### nnalove's blog

By nnalove, history, 7 weeks ago,

I tried to solve the problem today, but I can't find any ideas? Can someone help me? Is there an issue similar to this one? https://vietnam-national20.kattis.com/problems/infinite2darray

• -2

 » 7 weeks ago, # |   -7 You can simply calculate $F_{x, 0}$ firstly and then $F_{x, y}$ using the definition of $F$. This works in $\mathcal O(x+y)$ time. This can be brought down to $\mathcal O(\log x + \log y)$ time as we do in the Fibonacci sequence, however that is not required as the $\mathcal O(x+y)$ time should work fine.
•  » » 7 weeks ago, # ^ |   +10 Can you explain how to compute $F_{x, y}$ from $F_{x, 0}$ in $O(y)$ using the definition?
•  » » » 7 weeks ago, # ^ |   0 My bad, I misread the question.
 » 7 weeks ago, # |   +5 With a help of binomial coefficients, maybe. This is matrix of B(i, j) calculated for F(4,5), same colors sum-up to the same number if every cell of this color is taken like SUM(F(i,j)*B(i,j)) — so you just choose the color that is easier to calculate — like border in matrix #5: coefficients matrix...
•  » » 7 weeks ago, # ^ |   0 Can u please elaborate more?

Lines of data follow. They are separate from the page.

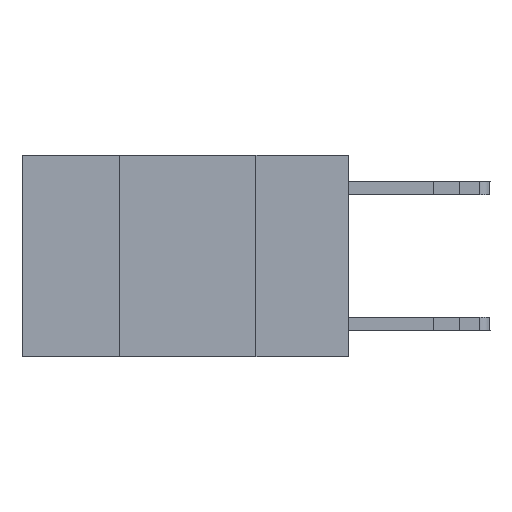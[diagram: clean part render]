
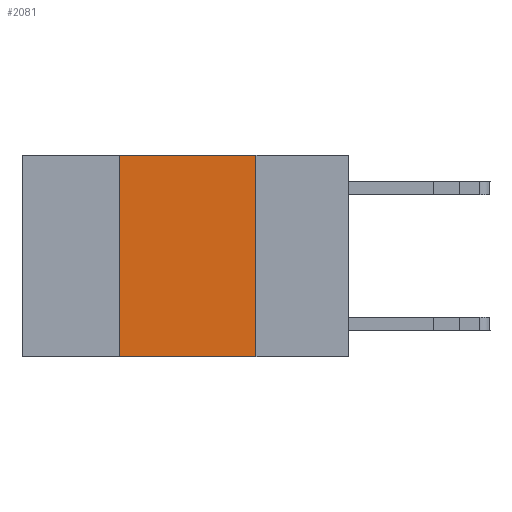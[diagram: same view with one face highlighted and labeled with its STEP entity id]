
A CAD part, left-side view. The second image highlights one B-rep face of the part: STEP entity #2081.
In plain terms, the highlighted planar face has unit normal (-1, 0, 0).
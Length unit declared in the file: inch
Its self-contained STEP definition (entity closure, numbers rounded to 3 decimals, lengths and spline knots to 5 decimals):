
#40 = LINE ( 'NONE', #5530, #3057 ) ;
#93 = CARTESIAN_POINT ( 'NONE',  ( 0., 0.17, -0.37 ) ) ;
#154 = VECTOR ( 'NONE', #2727, 39.37008 ) ;
#348 = EDGE_LOOP ( 'NONE', ( #658, #7552, #931, #5049 ) ) ;
#658 = ORIENTED_EDGE ( 'NONE', *, *, #816, .F. ) ;
#706 = VECTOR ( 'NONE', #5770, 39.37008 ) ;
#811 = DIRECTION ( 'NONE',  ( 1., 0., 0. ) ) ;
#816 = EDGE_CURVE ( 'NONE', #6976, #3836, #6432, .T. ) ;
#931 = ORIENTED_EDGE ( 'NONE', *, *, #13270, .F. ) ;
#2059 = DIRECTION ( 'NONE',  ( 0., 0., -1. ) ) ;
#2081 = ADVANCED_FACE ( 'NONE', ( #9337 ), #7507, .F. ) ;
#2727 = DIRECTION ( 'NONE',  ( 0., -1., 0. ) ) ;
#2883 = CARTESIAN_POINT ( 'NONE',  ( 0., 0.42, 0. ) ) ;
#3057 = VECTOR ( 'NONE', #11741, 39.37008 ) ;
#3382 = LINE ( 'NONE', #13385, #154 ) ;
#3836 = VERTEX_POINT ( 'NONE', #93 ) ;
#4446 = AXIS2_PLACEMENT_3D ( 'NONE', #12583, #811, #10668 ) ;
#5049 = ORIENTED_EDGE ( 'NONE', *, *, #7826, .T. ) ;
#5530 = CARTESIAN_POINT ( 'NONE',  ( 0., 0.6, 0. ) ) ;
#5770 = DIRECTION ( 'NONE',  ( 0., 0., 1. ) ) ;
#6432 = LINE ( 'NONE', #7615, #8735 ) ;
#6503 = EDGE_CURVE ( 'NONE', #11081, #6976, #40, .T. ) ;
#6976 = VERTEX_POINT ( 'NONE', #11138 ) ;
#7257 = CARTESIAN_POINT ( 'NONE',  ( 0., 0.42, 0. ) ) ;
#7507 = PLANE ( 'NONE',  #4446 ) ;
#7552 = ORIENTED_EDGE ( 'NONE', *, *, #6503, .F. ) ;
#7615 = CARTESIAN_POINT ( 'NONE',  ( 0., 0.17, 0. ) ) ;
#7826 = EDGE_CURVE ( 'NONE', #11530, #3836, #3382, .T. ) ;
#8174 = LINE ( 'NONE', #2883, #706 ) ;
#8735 = VECTOR ( 'NONE', #2059, 39.37008 ) ;
#9337 = FACE_OUTER_BOUND ( 'NONE', #348, .T. ) ;
#10668 = DIRECTION ( 'NONE',  ( 0., 0., -1. ) ) ;
#11081 = VERTEX_POINT ( 'NONE', #7257 ) ;
#11138 = CARTESIAN_POINT ( 'NONE',  ( 0., 0.17, 0. ) ) ;
#11530 = VERTEX_POINT ( 'NONE', #13689 ) ;
#11741 = DIRECTION ( 'NONE',  ( 0., -1., 0. ) ) ;
#12583 = CARTESIAN_POINT ( 'NONE',  ( 0., 0.6, 0. ) ) ;
#13270 = EDGE_CURVE ( 'NONE', #11530, #11081, #8174, .T. ) ;
#13385 = CARTESIAN_POINT ( 'NONE',  ( 0., 0.6, -0.37 ) ) ;
#13689 = CARTESIAN_POINT ( 'NONE',  ( 0., 0.42, -0.37 ) ) ;
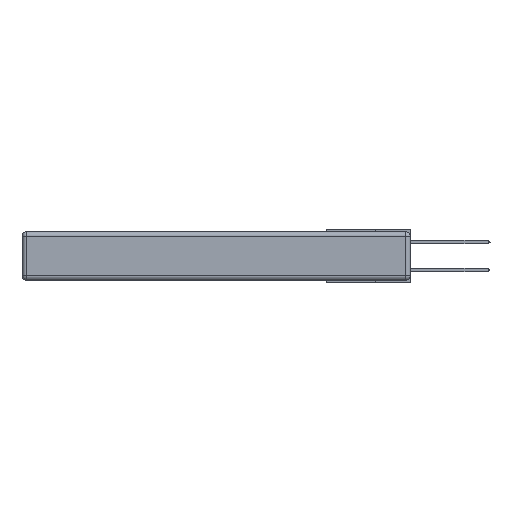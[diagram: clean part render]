
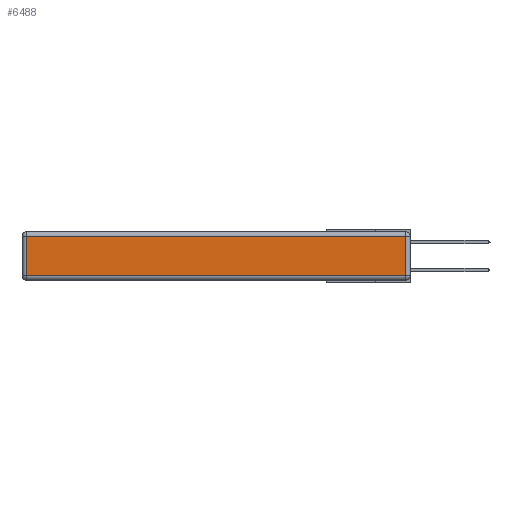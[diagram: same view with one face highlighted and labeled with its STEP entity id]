
A CAD part, left-side view. The second image highlights one B-rep face of the part: STEP entity #6488.
In plain terms, the highlighted planar face has unit normal (-1, 0, 0).
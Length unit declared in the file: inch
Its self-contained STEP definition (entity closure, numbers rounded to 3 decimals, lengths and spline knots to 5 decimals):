
#28 = CARTESIAN_POINT ( 'NONE',  ( 0., 0., -0.343 ) ) ;
#92 = ORIENTED_EDGE ( 'NONE', *, *, #849, .T. ) ;
#551 = CARTESIAN_POINT ( 'NONE',  ( 0., 0.03, -0.313 ) ) ;
#696 = FACE_OUTER_BOUND ( 'NONE', #4980, .T. ) ;
#849 = EDGE_CURVE ( 'NONE', #10946, #2307, #9613, .T. ) ;
#1453 = VECTOR ( 'NONE', #15656, 39.37008 ) ;
#2009 = CARTESIAN_POINT ( 'NONE',  ( 0., 0.03, -0.03 ) ) ;
#2077 = CARTESIAN_POINT ( 'NONE',  ( 0., 0., -0.313 ) ) ;
#2307 = VERTEX_POINT ( 'NONE', #13904 ) ;
#2330 = EDGE_CURVE ( 'NONE', #2307, #16101, #4189, .T. ) ;
#3077 = LINE ( 'NONE', #2077, #7094 ) ;
#3581 = CARTESIAN_POINT ( 'NONE',  ( 0., 2.72, -0.343 ) ) ;
#3585 = DIRECTION ( 'NONE',  ( 0., 0., 1. ) ) ;
#4189 = LINE ( 'NONE', #3581, #1453 ) ;
#4302 = ORIENTED_EDGE ( 'NONE', *, *, #19480, .T. ) ;
#4358 = CARTESIAN_POINT ( 'NONE',  ( 0., 2.72, -0.313 ) ) ;
#4980 = EDGE_LOOP ( 'NONE', ( #20311, #4302, #92, #11019 ) ) ;
#5033 = DIRECTION ( 'NONE',  ( 0., 1., 0. ) ) ;
#5455 = DIRECTION ( 'NONE',  ( -1., 0., 0. ) ) ;
#6488 = ADVANCED_FACE ( 'NONE', ( #696 ), #10365, .T. ) ;
#7094 = VECTOR ( 'NONE', #21099, 39.37008 ) ;
#9613 = LINE ( 'NONE', #10166, #14208 ) ;
#10166 = CARTESIAN_POINT ( 'NONE',  ( 0., 2.75, -0.03 ) ) ;
#10365 = PLANE ( 'NONE',  #21824 ) ;
#10914 = VECTOR ( 'NONE', #3585, 39.37008 ) ;
#10946 = VERTEX_POINT ( 'NONE', #2009 ) ;
#11019 = ORIENTED_EDGE ( 'NONE', *, *, #2330, .T. ) ;
#12117 = DIRECTION ( 'NONE',  ( 0., 0., 1. ) ) ;
#12642 = VERTEX_POINT ( 'NONE', #551 ) ;
#13904 = CARTESIAN_POINT ( 'NONE',  ( 0., 2.72, -0.03 ) ) ;
#13907 = CARTESIAN_POINT ( 'NONE',  ( 0., 0.03, -0.343 ) ) ;
#14208 = VECTOR ( 'NONE', #5033, 39.37008 ) ;
#15656 = DIRECTION ( 'NONE',  ( 0., 0., -1. ) ) ;
#16101 = VERTEX_POINT ( 'NONE', #4358 ) ;
#19480 = EDGE_CURVE ( 'NONE', #12642, #10946, #19600, .T. ) ;
#19600 = LINE ( 'NONE', #13907, #10914 ) ;
#19648 = EDGE_CURVE ( 'NONE', #16101, #12642, #3077, .T. ) ;
#20311 = ORIENTED_EDGE ( 'NONE', *, *, #19648, .T. ) ;
#21099 = DIRECTION ( 'NONE',  ( 0., -1., 0. ) ) ;
#21824 = AXIS2_PLACEMENT_3D ( 'NONE', #28, #5455, #12117 ) ;
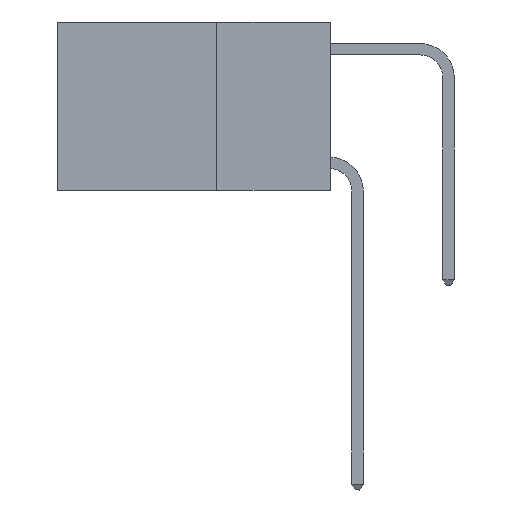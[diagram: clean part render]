
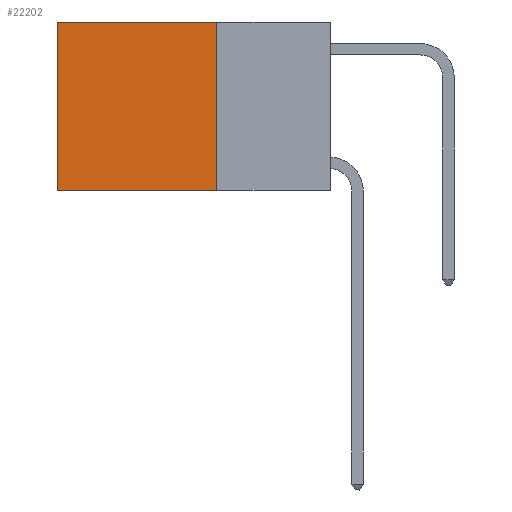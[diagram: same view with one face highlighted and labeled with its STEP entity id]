
A CAD part, left-side view. The second image highlights one B-rep face of the part: STEP entity #22202.
In plain terms, the highlighted planar face has unit normal (-1, 0, 0).
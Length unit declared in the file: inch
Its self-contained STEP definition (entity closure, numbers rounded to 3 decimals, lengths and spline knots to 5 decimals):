
#1884 = CARTESIAN_POINT ( 'NONE',  ( 0.2625, 0.25, -0.37 ) ) ;
#1961 = CARTESIAN_POINT ( 'NONE',  ( 0.2625, 0.6, 0. ) ) ;
#2507 = DIRECTION ( 'NONE',  ( 0., 0., -1. ) ) ;
#3021 = VECTOR ( 'NONE', #4822, 39.37008 ) ;
#3042 = CARTESIAN_POINT ( 'NONE',  ( 0.2625, 0.6, 0. ) ) ;
#3456 = CARTESIAN_POINT ( 'NONE',  ( 0.2625, 0.25, 0. ) ) ;
#4209 = EDGE_CURVE ( 'NONE', #15111, #18081, #4563, .T. ) ;
#4563 = LINE ( 'NONE', #24149, #13110 ) ;
#4819 = ORIENTED_EDGE ( 'NONE', *, *, #26918, .F. ) ;
#4822 = DIRECTION ( 'NONE',  ( 0., 0., -1. ) ) ;
#6303 = LINE ( 'NONE', #3456, #16158 ) ;
#7732 = ORIENTED_EDGE ( 'NONE', *, *, #4209, .F. ) ;
#13110 = VECTOR ( 'NONE', #2507, 39.37008 ) ;
#13335 = CARTESIAN_POINT ( 'NONE',  ( 0.2625, 0.25, -0.37 ) ) ;
#13526 = AXIS2_PLACEMENT_3D ( 'NONE', #17595, #17443, #27081 ) ;
#14638 = ORIENTED_EDGE ( 'NONE', *, *, #28573, .T. ) ;
#15111 = VERTEX_POINT ( 'NONE', #30811 ) ;
#16158 = VECTOR ( 'NONE', #27315, 39.37008 ) ;
#16427 = LINE ( 'NONE', #1884, #18193 ) ;
#17118 = FACE_OUTER_BOUND ( 'NONE', #17770, .T. ) ;
#17151 = VERTEX_POINT ( 'NONE', #3042 ) ;
#17443 = DIRECTION ( 'NONE',  ( 1., 0., 0. ) ) ;
#17595 = CARTESIAN_POINT ( 'NONE',  ( 0.2625, 0.25, 0. ) ) ;
#17770 = EDGE_LOOP ( 'NONE', ( #19216, #4819, #7732, #14638 ) ) ;
#18081 = VERTEX_POINT ( 'NONE', #13335 ) ;
#18193 = VECTOR ( 'NONE', #21001, 39.37008 ) ;
#19216 = ORIENTED_EDGE ( 'NONE', *, *, #27374, .T. ) ;
#21001 = DIRECTION ( 'NONE',  ( 0., 1., 0. ) ) ;
#21481 = VERTEX_POINT ( 'NONE', #23800 ) ;
#22202 = ADVANCED_FACE ( 'NONE', ( #17118 ), #26761, .F. ) ;
#23800 = CARTESIAN_POINT ( 'NONE',  ( 0.2625, 0.6, -0.37 ) ) ;
#24149 = CARTESIAN_POINT ( 'NONE',  ( 0.2625, 0.25, 0. ) ) ;
#26761 = PLANE ( 'NONE',  #13526 ) ;
#26918 = EDGE_CURVE ( 'NONE', #18081, #21481, #16427, .T. ) ;
#27081 = DIRECTION ( 'NONE',  ( 0., 0., -1. ) ) ;
#27315 = DIRECTION ( 'NONE',  ( 0., 1., 0. ) ) ;
#27374 = EDGE_CURVE ( 'NONE', #17151, #21481, #30873, .T. ) ;
#28573 = EDGE_CURVE ( 'NONE', #15111, #17151, #6303, .T. ) ;
#30811 = CARTESIAN_POINT ( 'NONE',  ( 0.2625, 0.25, 0. ) ) ;
#30873 = LINE ( 'NONE', #1961, #3021 ) ;

I didn't understand your approach.
•  » » » 7 weeks ago, # ^ |   0 Every cell (except border cells) is sum of left+top, so red-cell = sum(orange-cells) = sum(yellow-cells) = .. and so on, up to the border where they begin to overlap, so I pictured them on separate tables. And number of times each cell is taken correspond to binomial coefficients with root in F(x, y).
 » 7 weeks ago, # | ← Rev. 2 →   0 To your question "Is there an issue similar to this one" I would point your attention to binomial coefficients. If you had $1$s instead of the Fibonacci Sequence on $F_{i,0}$ and $F_{0,i}$ then the diagonals $F_{i, k-i}$ would form the Pascal Triangle. The values of the Pascal Triangle correspond to binomial coefficients. Maybe this helps?
 » 7 weeks ago, # | ← Rev. 2 →   +6 Let's number the diagonal the following way: 0 1 2 3 4 1 2 3 4 5 2 3 4 5 6 3 4 5 6 7 4 5 6 7 8 ... Let's, for example, compute the cell $(3, 4)$. If we put it in the grid, here is our answer coefficient: 0 0 0 0 0 0 0 0 0 0 0 0 0 0 0 0 0 0 0 1 And our coefficient is currently at the diagonal 7. But the definition, we can actually push the coefficients to the diagonal 6: 0 0 0 0 0 0 0 0 0 0 0 0 0 0 0 1 0 0 1 0 As well as to the diagonal 5: 0 0 0 0 0 0 0 0 0 0 0 1 0 0 2 0 0 1 0 0 So it is easy to see that our coefficient are sort of the binomial coefficients. So just push 1 more time: 0 0 0 0 0 0 0 1 0 0 3 0 0 3 0 0 1 0 0 0 Now we see if we push one more time, then the cell $(0, 4)$ might disappear. It isn't tho, because if we let the coefficient of the cell $(0, 3)$ be $1 + 3 = 4$, this means the value of $(0, 3)$ will contribute $1$ to cell $(0, 4)$ and $3$ to $(1, 3)$. But by the definition, beside the value of $(0, 3)$ is $Fib_3$, we also have $Fib_2$ (because value of $(0, 4)$ is $Fib_4$). Therefore we can left the coefficient of $(0, 4)$ be 1, but now instead of value $Fib_4$, use the value $Fib_2$. With the new value, our coefficient grid will be: 0 0 0 1 0 0 4 0 0 6 0 0 4 0 0 0 1 0 0 0 We can continue push the coefficients to the first row and column. After that we can just compute the Fibonacci numbers, multiply them by the corresponding coefficients, then summary them. Remember to use the new value (not $Fib_i$, but $Fib_i - Fib_{i - 1}$).
•  » » 6 weeks ago, # ^ |   +7 Thanks you so much. Sorry for my late.